The checklist is updated for ATO 2019!
All Things Open 2018 (ATO 2018), a premier open source conference, will open its doors on October 21st 2018 in the Raleigh Convention Center, in the heart of North Carolina’s capital.
I will be giving a double session on October 22nd, titled Big Data Made Easy With a Spark. As you can easily imagine, I am going to speak Big Data, Java, and Spark. If you are interested in those topics, come over and have fun and get a chance to win a copy of Spark in Action, second edition.
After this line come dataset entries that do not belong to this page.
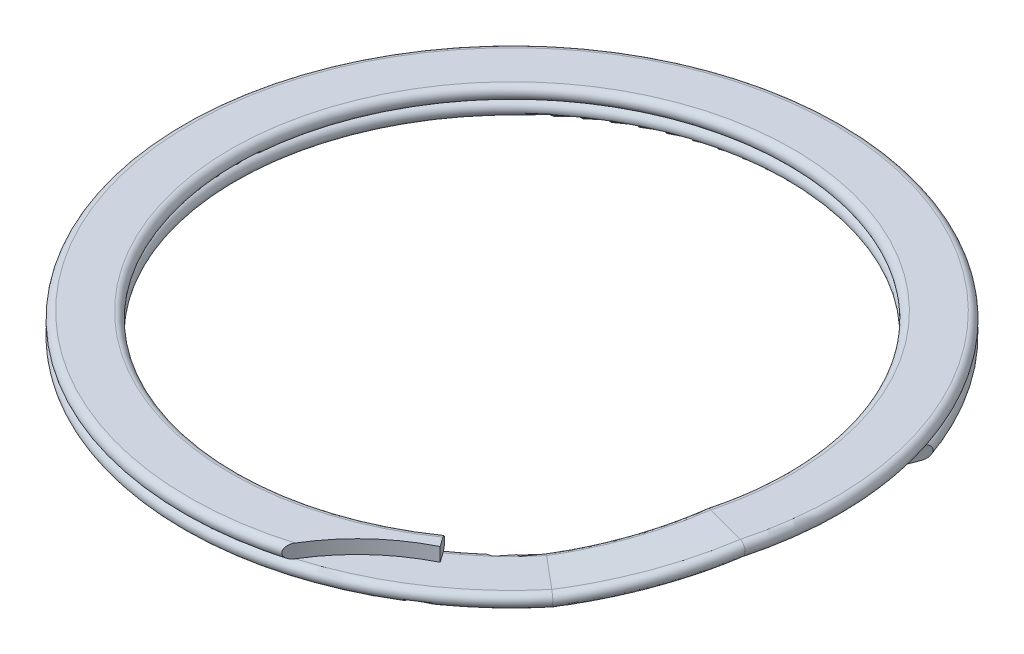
ISO-10303-21;
HEADER;
FILE_DESCRIPTION(('STEP AP214'),'2;1');
FILE_NAME('part.step','',(''),(''),'','','');
FILE_SCHEMA(('AUTOMOTIVE_DESIGN { 1 0 10303 214 1 1 1 1 }'));
ENDSEC;
DATA;
#1=APPLICATION_CONTEXT('core data for automotive mechanical design processes');
#2=APPLICATION_PROTOCOL_DEFINITION('international standard','automotive_design',2000,#1);
#3=PRODUCT_CONTEXT('',#1,'mechanical');
#4=PRODUCT('Part','Part','',(#3));
#5=PRODUCT_RELATED_PRODUCT_CATEGORY('part','',(#4));
#6=PRODUCT_DEFINITION_FORMATION('','',#4);
#7=PRODUCT_DEFINITION_CONTEXT('part definition',#1,'design');
#8=PRODUCT_DEFINITION('design','',#6,#7);
#9=PRODUCT_DEFINITION_SHAPE('','',#8);
#10=(LENGTH_UNIT() NAMED_UNIT(*) SI_UNIT(.MILLI.,.METRE.));
#11=(NAMED_UNIT(*) PLANE_ANGLE_UNIT() SI_UNIT($,.RADIAN.));
#12=(NAMED_UNIT(*) SI_UNIT($,.STERADIAN.) SOLID_ANGLE_UNIT());
#13=UNCERTAINTY_MEASURE_WITH_UNIT(LENGTH_MEASURE(1.E-05),#10,'distance_accuracy_value','');
#14=(GEOMETRIC_REPRESENTATION_CONTEXT(3) GLOBAL_UNCERTAINTY_ASSIGNED_CONTEXT((#13)) GLOBAL_UNIT_ASSIGNED_CONTEXT((#10,
#11,#12)) REPRESENTATION_CONTEXT('',''));
#15=CARTESIAN_POINT('',(0.,0.,0.));
#16=DIRECTION('',(0.,0.,1.));
#17=DIRECTION('',(1.,0.,0.));
#18=AXIS2_PLACEMENT_3D('',#15,#16,#17);
#19=CARTESIAN_POINT('',(1.4432899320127E-12,0.,-1.11022302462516E-13));
#20=DIRECTION('',(0.,1.,0.));
#21=DIRECTION('',(0.,0.,0.999999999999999));
#22=AXIS2_PLACEMENT_3D('',#19,#20,#21);
#23=TOROIDAL_SURFACE('',#22,10.9727999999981,0.266699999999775);
#24=CARTESIAN_POINT('',(10.9727999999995,0.,0.));
#25=DIRECTION('',(0.,0.,0.999999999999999));
#26=DIRECTION('',(1.,0.,0.));
#27=AXIS2_PLACEMENT_3D('',#24,#25,#26);
#28=CIRCLE('',#27,0.266699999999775);
#29=CARTESIAN_POINT('',(10.9727999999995,-0.266699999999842,0.));
#30=VERTEX_POINT('',#29);
#31=CARTESIAN_POINT('',(10.9727999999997,0.266699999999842,0.));
#32=VERTEX_POINT('',#31);
#33=EDGE_CURVE('E131',#30,#32,#28,.F.);
#34=ORIENTED_EDGE('',*,*,#33,.T.);
#35=CARTESIAN_POINT('',(-1.38777878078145E-13,0.266699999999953,-3.33066907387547E-13));
#36=DIRECTION('',(0.,-1.,0.));
#37=DIRECTION('',(0.,0.,-0.999999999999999));
#38=AXIS2_PLACEMENT_3D('',#35,#36,#37);
#39=CIRCLE('',#38,10.9727999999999);
#40=CARTESIAN_POINT('',(6.2937395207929,0.26669999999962,8.98839155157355));
#41=VERTEX_POINT('',#40);
#42=EDGE_CURVE('E128',#41,#32,#39,.T.);
#43=ORIENTED_EDGE('',*,*,#42,.F.);
#44=CARTESIAN_POINT('',(8.40565196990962,0.266700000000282,7.05318047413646));
#45=CARTESIAN_POINT('',(7.94391036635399,0.266700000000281,7.60466348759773));
#46=CARTESIAN_POINT('',(7.41338734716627,0.266700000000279,8.09029320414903));
#47=CARTESIAN_POINT('',(6.88327678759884,0.266700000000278,8.57554536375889));
#48=CARTESIAN_POINT('',(6.29373952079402,0.266700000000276,8.98839155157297));
#49=B_SPLINE_CURVE_WITH_KNOTS('',2,(#44,#45,#46,#47,#48),.UNSPECIFIED.,.F.,.F.,(3,2,3),(0.,0.5,
1.),.UNSPECIFIED.);
#50=CARTESIAN_POINT('',(8.40565197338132,0.266699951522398,7.05318046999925));
#51=VERTEX_POINT('',#50);
#52=EDGE_CURVE('E104',#51,#41,#49,.T.);
#53=ORIENTED_EDGE('',*,*,#52,.F.);
#54=CARTESIAN_POINT('',(8.20134841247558,-1.50540556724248E-13,6.88174842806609));
#55=CARTESIAN_POINT('',(8.20173617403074,0.00245470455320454,6.88128612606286));
#56=CARTESIAN_POINT('',(8.20212325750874,0.00491945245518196,6.88087757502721));
#57=CARTESIAN_POINT('',(8.20291057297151,0.00992824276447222,6.88015532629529));
#58=CARTESIAN_POINT('',(8.20331088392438,0.0124726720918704,6.87984439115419));
#59=CARTESIAN_POINT('',(8.20413006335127,0.0176386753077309,6.87932179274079));
#60=CARTESIAN_POINT('',(8.20454914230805,0.0202605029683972,6.87911298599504));
#61=CARTESIAN_POINT('',(8.20541117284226,0.0255788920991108,6.87879911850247));
#62=CARTESIAN_POINT('',(8.20585446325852,0.0282755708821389,6.8786969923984));
#63=CARTESIAN_POINT('',(8.20677033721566,0.0337407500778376,6.87860104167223));
#64=CARTESIAN_POINT('',(8.20724338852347,0.03650922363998,6.87861021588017));
#65=CARTESIAN_POINT('',(8.20822424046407,0.0421145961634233,6.87874148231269));
#66=CARTESIAN_POINT('',(8.20873263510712,0.0449513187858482,6.87886662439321));
#67=CARTESIAN_POINT('',(8.20978966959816,0.050689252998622,6.87923449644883));
#68=CARTESIAN_POINT('',(8.21033902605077,0.053590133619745,6.87948031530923));
#69=CARTESIAN_POINT('',(8.21148350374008,0.0594518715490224,6.8800942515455));
#70=CARTESIAN_POINT('',(8.21207945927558,0.0624122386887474,6.88046548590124));
#71=CARTESIAN_POINT('',(8.21332266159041,0.0683878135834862,6.88133499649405));
#72=CARTESIAN_POINT('',(8.21397085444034,0.0714023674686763,6.88183640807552));
#73=CARTESIAN_POINT('',(8.21532406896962,0.0774805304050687,6.88297102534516));
#74=CARTESIAN_POINT('',(8.21603014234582,0.0805433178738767,6.88360737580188));
#75=CARTESIAN_POINT('',(8.21750458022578,0.0867114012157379,6.88501666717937));
#76=CARTESIAN_POINT('',(8.21827409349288,0.0898157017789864,6.88579275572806));
#77=CARTESIAN_POINT('',(8.21988106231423,0.096059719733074,6.88748616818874));
#78=CARTESIAN_POINT('',(8.22071976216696,0.099198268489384,6.88840663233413));
#79=CARTESIAN_POINT('',(8.2219608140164,0.103668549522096,6.88981594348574));
#80=CARTESIAN_POINT('',(8.22234268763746,0.105021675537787,6.89025567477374));
#81=CARTESIAN_POINT('',(8.2231209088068,0.107732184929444,6.89116210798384));
#82=CARTESIAN_POINT('',(8.22351736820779,0.109089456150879,6.89162905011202));
#83=CARTESIAN_POINT('',(8.22473215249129,0.113187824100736,6.89308273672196));
#84=CARTESIAN_POINT('',(8.22556353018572,0.115911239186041,6.89410853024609));
#85=CARTESIAN_POINT('',(8.22750326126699,0.121979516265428,6.89648684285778));
#86=CARTESIAN_POINT('',(8.22862928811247,0.125311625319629,6.897857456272));
#87=CARTESIAN_POINT('',(8.23098663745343,0.131834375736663,6.90062884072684));
#88=CARTESIAN_POINT('',(8.23221525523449,0.135026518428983,6.90202837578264));
#89=CARTESIAN_POINT('',(8.2346046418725,0.14088449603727,6.90468764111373));
#90=CARTESIAN_POINT('',(8.23575009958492,0.143560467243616,6.90593884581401));
#91=CARTESIAN_POINT('',(8.23810458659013,0.148802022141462,6.90846008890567));
#92=CARTESIAN_POINT('',(8.23931197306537,0.151368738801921,6.90972930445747));
#93=CARTESIAN_POINT('',(8.24178463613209,0.156391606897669,6.9122827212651));
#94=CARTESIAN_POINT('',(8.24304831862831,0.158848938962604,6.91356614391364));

The promise of this session is:
In this hands-on session, you will learn how to do a full Big Data scenario from ingestion to publication. You will see how we can use Java and Apache Spark to ingest data, perform some transformations, save the data. You will then perform a second lab where you will run your very first Machine Learning algorithm!
As you can see in the title, it’s a hands-on tutorial. It means, you will have to do things on your own! Don’t think it’s this kind of lessons where you just have a seat and listen…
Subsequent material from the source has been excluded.